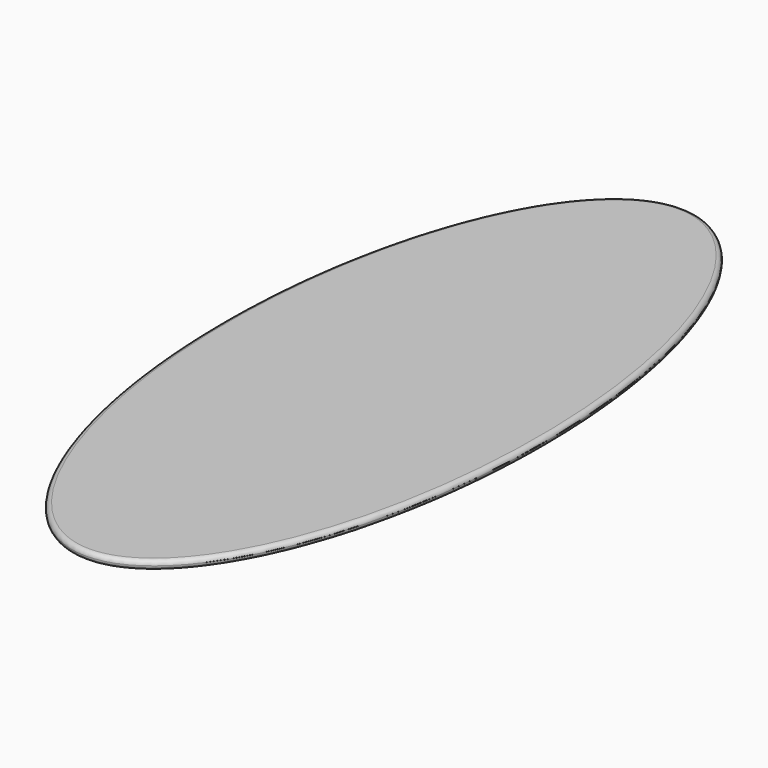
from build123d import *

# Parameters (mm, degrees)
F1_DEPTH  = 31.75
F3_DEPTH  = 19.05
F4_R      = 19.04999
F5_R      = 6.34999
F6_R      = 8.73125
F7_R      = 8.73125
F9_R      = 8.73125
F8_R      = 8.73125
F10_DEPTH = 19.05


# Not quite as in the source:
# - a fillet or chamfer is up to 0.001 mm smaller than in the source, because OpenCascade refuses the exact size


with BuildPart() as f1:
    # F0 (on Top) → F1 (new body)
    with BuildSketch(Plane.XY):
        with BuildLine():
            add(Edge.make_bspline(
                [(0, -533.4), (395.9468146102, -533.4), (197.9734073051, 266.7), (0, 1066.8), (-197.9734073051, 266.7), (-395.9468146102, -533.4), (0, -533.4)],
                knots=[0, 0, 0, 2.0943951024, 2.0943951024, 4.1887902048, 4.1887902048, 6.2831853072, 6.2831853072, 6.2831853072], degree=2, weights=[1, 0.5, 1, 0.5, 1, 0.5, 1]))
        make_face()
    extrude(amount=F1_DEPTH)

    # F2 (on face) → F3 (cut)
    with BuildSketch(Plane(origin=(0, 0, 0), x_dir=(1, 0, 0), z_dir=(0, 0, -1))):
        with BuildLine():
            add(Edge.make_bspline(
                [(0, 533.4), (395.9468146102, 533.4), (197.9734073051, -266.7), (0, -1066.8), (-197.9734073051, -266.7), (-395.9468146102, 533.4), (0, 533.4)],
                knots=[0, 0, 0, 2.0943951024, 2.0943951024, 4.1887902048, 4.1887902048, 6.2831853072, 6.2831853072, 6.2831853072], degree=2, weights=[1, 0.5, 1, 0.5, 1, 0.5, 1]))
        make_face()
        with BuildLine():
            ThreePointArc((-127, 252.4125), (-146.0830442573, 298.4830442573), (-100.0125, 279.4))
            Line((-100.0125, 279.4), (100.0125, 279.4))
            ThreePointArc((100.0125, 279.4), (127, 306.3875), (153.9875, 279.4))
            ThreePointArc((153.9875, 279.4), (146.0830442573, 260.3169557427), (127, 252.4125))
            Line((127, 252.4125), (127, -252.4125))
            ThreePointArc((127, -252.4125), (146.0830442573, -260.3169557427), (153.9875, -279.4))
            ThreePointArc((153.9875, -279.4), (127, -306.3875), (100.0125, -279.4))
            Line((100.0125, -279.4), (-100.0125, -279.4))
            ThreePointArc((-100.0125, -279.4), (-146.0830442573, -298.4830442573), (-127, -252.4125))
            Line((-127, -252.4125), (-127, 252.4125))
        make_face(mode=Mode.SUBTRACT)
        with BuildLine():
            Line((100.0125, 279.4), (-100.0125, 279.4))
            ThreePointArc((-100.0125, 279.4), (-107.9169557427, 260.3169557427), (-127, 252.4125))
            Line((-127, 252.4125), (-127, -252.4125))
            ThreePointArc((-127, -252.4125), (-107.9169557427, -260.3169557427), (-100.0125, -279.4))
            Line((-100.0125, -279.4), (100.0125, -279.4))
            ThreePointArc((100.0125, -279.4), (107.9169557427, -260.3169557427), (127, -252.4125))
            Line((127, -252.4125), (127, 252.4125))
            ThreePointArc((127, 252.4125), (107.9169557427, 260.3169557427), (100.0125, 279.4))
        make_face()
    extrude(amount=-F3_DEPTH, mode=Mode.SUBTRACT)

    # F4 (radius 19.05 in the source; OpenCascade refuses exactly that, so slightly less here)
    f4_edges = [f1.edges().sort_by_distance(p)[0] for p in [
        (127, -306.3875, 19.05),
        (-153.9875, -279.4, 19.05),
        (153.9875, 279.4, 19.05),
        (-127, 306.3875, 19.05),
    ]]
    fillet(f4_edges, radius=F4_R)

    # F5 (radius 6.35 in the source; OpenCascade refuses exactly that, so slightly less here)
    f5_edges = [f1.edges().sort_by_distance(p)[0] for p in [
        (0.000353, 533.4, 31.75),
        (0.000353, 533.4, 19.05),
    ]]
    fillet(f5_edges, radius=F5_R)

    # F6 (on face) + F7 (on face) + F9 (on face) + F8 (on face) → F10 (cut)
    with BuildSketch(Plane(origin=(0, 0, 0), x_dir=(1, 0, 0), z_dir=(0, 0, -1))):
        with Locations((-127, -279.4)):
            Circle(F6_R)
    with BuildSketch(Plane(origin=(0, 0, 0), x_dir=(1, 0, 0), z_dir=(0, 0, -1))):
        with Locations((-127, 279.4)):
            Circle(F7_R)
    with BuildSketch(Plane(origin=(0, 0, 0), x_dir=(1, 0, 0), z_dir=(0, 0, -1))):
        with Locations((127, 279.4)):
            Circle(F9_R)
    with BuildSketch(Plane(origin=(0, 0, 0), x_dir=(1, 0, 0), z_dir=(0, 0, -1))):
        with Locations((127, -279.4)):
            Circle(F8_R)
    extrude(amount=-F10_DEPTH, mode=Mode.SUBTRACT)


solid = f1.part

* * *

▸ TASK INSTRUCTIONS
Every line above that holds the word "radius" needs to be copied.

▸ ANSWER TO THE EXERCISE
    # F4 (radius 19.05 in the source; OpenCascade refuses exactly that, so slightly less here)
    fillet(f4_edges, radius=F4_R)
    # F5 (radius 6.35 in the source; OpenCascade refuses exactly that, so slightly less here)
    fillet(f5_edges, radius=F5_R)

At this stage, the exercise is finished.